21 F. 492 | U.S. Circuit Court for the District of Western Wisconsin | 1884

Bunn, J.

These are actions of ejectment brought by the plaintiff, a citizen of Illinois, against the defendants, who are citizens of Wisconsin, to recover 80 acres of land lying in the county of Crawford. • Defense in both cases: adverse possession for 10 years under a written instrument according to section 4211, Bev. St. Wis. To prove his title, the plaintiff introduced in evidence the receipt of the receiver of the land-office at La Crosse, for the land, issued to the plaintiff on November 16, 1854. Also a patent from the government, issued to the plaintiff on April 15, 1856, making a complete title from the United States government of the land in question, subject to the defendants’ defense of adverse possession. The defendants, to substantiate their defense, introduced a receiver’s receipt, in the usual form, issued at the same land-office to one Drench White, dated April 26, 1856, for the same land, at the price of $100, together with an assignment of the same in writing upon the back of said receipt, and duly acknowledged and witnessed, to one J. M. Hill, dated the twenty-eighth day of September, 1857. Defendants also proved that said Hill purchased the land in good faith of White, paying therefor other lands lying in the state of Ohio, valued af $300, and immediately went into possession of the same, and commenced clearing and making improvements, and building a house, *493claiming title under his conveyance and purchase from French White, exclusive of any other right, and paying the taxes upon the land,—he and the defendants, his grantees,-—and improving the same continuously for a period of 19 years and upwards, prior to the commencement of this action.

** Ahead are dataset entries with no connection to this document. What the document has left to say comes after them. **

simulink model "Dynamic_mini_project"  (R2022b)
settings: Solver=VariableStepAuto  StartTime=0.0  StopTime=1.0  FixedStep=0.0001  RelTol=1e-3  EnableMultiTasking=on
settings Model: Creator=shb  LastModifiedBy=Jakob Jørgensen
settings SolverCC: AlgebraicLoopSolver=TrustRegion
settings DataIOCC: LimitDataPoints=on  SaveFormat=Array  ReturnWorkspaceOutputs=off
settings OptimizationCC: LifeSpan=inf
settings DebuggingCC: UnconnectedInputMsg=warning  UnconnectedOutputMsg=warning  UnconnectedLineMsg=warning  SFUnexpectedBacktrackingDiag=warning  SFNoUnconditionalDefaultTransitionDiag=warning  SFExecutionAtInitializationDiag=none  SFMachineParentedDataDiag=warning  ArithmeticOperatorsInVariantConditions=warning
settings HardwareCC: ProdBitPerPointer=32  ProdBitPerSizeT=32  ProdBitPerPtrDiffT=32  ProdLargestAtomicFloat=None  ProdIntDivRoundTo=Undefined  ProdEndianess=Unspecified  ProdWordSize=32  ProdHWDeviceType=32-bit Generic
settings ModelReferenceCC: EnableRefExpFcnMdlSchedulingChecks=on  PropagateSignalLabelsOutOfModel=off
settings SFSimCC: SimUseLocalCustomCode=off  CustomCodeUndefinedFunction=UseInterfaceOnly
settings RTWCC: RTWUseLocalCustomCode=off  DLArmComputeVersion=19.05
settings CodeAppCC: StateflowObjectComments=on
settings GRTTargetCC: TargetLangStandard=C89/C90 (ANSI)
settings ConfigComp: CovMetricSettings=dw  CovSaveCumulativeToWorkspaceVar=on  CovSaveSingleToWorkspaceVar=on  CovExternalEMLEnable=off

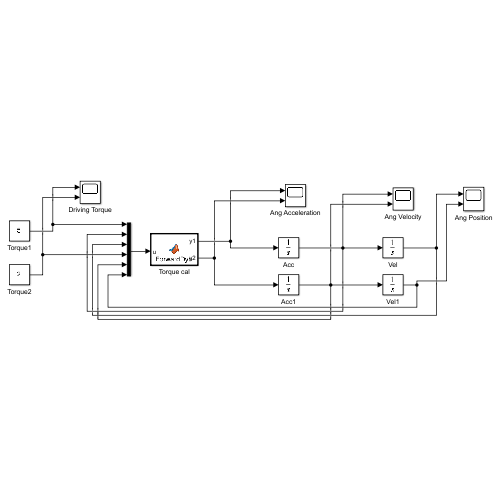
[thumbnail: Simulink's stored preview of the top-level diagram]
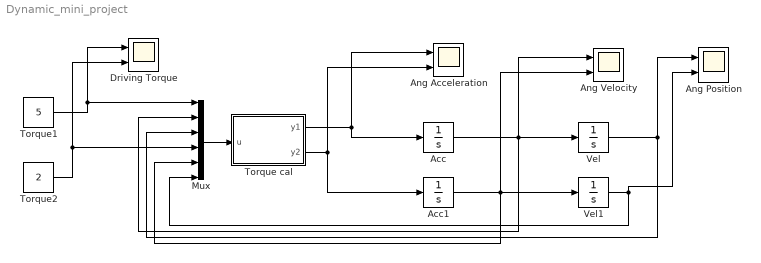
== system Dynamic_mini_project ==
  Acc : Integrator
  Acc1 : Integrator
  Ang Acceleration : Scope  NumInputPorts=2
  Ang Position : Scope  NumInputPorts=2
  Ang Velocity : Scope  NumInputPorts=2
  Driving Torque : Scope  NumInputPorts=2
  Mux : Mux  Inputs=6
  Torque cal : MATLAB Function  TreatAsAtomicUnit=on
  Torque1 : Constant  Value=5
  Torque2 : Constant  Value=2
  Vel : Integrator
  Vel1 : Integrator
  wires:
  Torque1/1 -> Driving Torque/1, Mux/1
  Mux/1 -> Torque cal/1(u)
  Torque cal/1(y1) -> Acc/1, Ang Acceleration/1
  Acc/1 -> Ang Velocity/1, Mux/2, Vel/1
  Vel/1 -> Mux/3, Ang Position/1
  Torque2/1 -> Driving Torque/2, Mux/4
  Torque cal/2(y2) -> Acc1/1, Ang Acceleration/2
  Acc1/1 -> Mux/5, Vel1/1, Ang Velocity/2
  Vel1/1 -> Mux/6, Ang Position/2

== matlab function Dynamic_mini_project/Torque cal ==
  data: u input; y1 output; y2 output
function [y1,y2]= ForwardDyn(u)

%%   motor torques
tau_1 = u(1);
tau_2 = u(4);

%% joint velocity and displacement
 theta_1 = u(3);  theta_2 = u(6);
 %dtheta_2 =u(5);dtheta_1 = u(2); 

%%  %%%%%%%%%%%%%%%%%%%%%%%  motion profiles
% %=======================  joint 1
% A1 = 0.3; % magnitude
% f1 = 5; % frequency
% 
% %=======================  joint 2
% A2 = 0.5; % magnitude
% f2 = 2; % frequency

g = 9.801; % gravity constant 
rho = 7806; 
%% %%%%%%%%%%%%%%%%%%%%%%%%%%%%  link 1 properties
%======================================  link 1
L1 = 1; % length [m]
c1 = L1/2; % mass center
m1 = L1*0.05*0.05*rho; % mass [kg]
I1 = 1/12*m1*L1^2; % moment of inertia


%% %%%%%%%%%%%%%%%%%%%%%%%%%%%%  link 2 properties
%======================================  link 2
L2 = 0.5; % length [m]
c2 = L2/2; % mass center
m2 = L2*0.05*0.05*rho; % mass [kg]
I2 = 1/12*m2*L2^2; % moment of inertia

%% %%%%%%%%%%%%%%%%%% dynamic simulation

    %%%%%%%%%%%%%%%%%%%%%%%%%%%  coefficients of dynamic equation
    H1 = m1*c1^2 + I1+I2+m2*(L1^2+c2^2+2*L1*c2*cos(theta_2)); 
    H2 = m1*c2^2+I2; 
    G1 = m1*g*(c1*cos(theta_1))+m2*g*(L1*cos(theta_1)+c2*cos(theta_1+theta_2));
    G2 = m1*c1*g*cos(theta_1+theta_2);  
    
%     %%%%%%%%%%%%%%%%%%%%%%%%%%%%%%%%%%%%%  actuator torques
%     tau_1 = H11*ddtheta_1 + H12*ddtheta_2 - h*(dtheta_2)^2 ...
%         -2*h*dtheta_1*dtheta_2 + G1;
%     tau_2 = H22*ddtheta_2 + H12*ddtheta_1 + h*(dtheta_1)^2 + G2;
    
    torque1 = tau_1 + G1; 
    torque2 = tau_2 + G2; 
    y1 = H1\torque1;  
    y2 = H2\torque2;

So patent was ever issued to White or Hill, or his grantees, but about the same time the patent was issued to the plaintiff, Cawley, in 1856, the entry of the land by White was canceled by the department at Washington, but notice thereof was never given to White or those holding under him, nor was the purchase money paid by White for the land returned or paid back. There is no doubt, from the evidence of Hill and the defendants, that he paid full value for the land and went into possession in perfect good faith, claiming title under the receiver’s receipt to White, and the written assignment thereof to him, exclusive of any other right, and that Hill and his grantees, the defendants in these two cases, have occupied the land, breaking, fencing, building, and making other valuable improvements, and paying the taxes ever since the fall of 1857, and for a period of 27 years, to the present time, and 19 years prior to the commencement of the action; Hill occupying from 1857 to 1873, and the defendants since that time, under deeds from him,—the defendant Johnson occupying one 40, and the defendant Peterson the other.

The only question in the case is whether the land-office receipt and written assignment to Hill constitute such a conveyance of the premises as the statute contemplates as a proper foundation for a 10-years’ adverse possession. This question arose in this court some two years ago in this same case, upon an objection to the introduction of the receipt and assignment in evidence, and, without much argument or consideration, it was ruled that, as the receipt was not a conveyance, and did not purport to be a conveyance, of the land, but only a receipt for the purchase price, it could not be said that the defendant entered under claim of title, exclusive of any other right, founding such claim upon a written instrument, as being a conveyance of the premises in question. Upon a fuller consideration of the question, I am now satisfied that my former ruling was wrong, and I am glad of this opportunity to correct the mistake in that case, now submitted with the other, upon a second trial, provided for by the statute in ejectment.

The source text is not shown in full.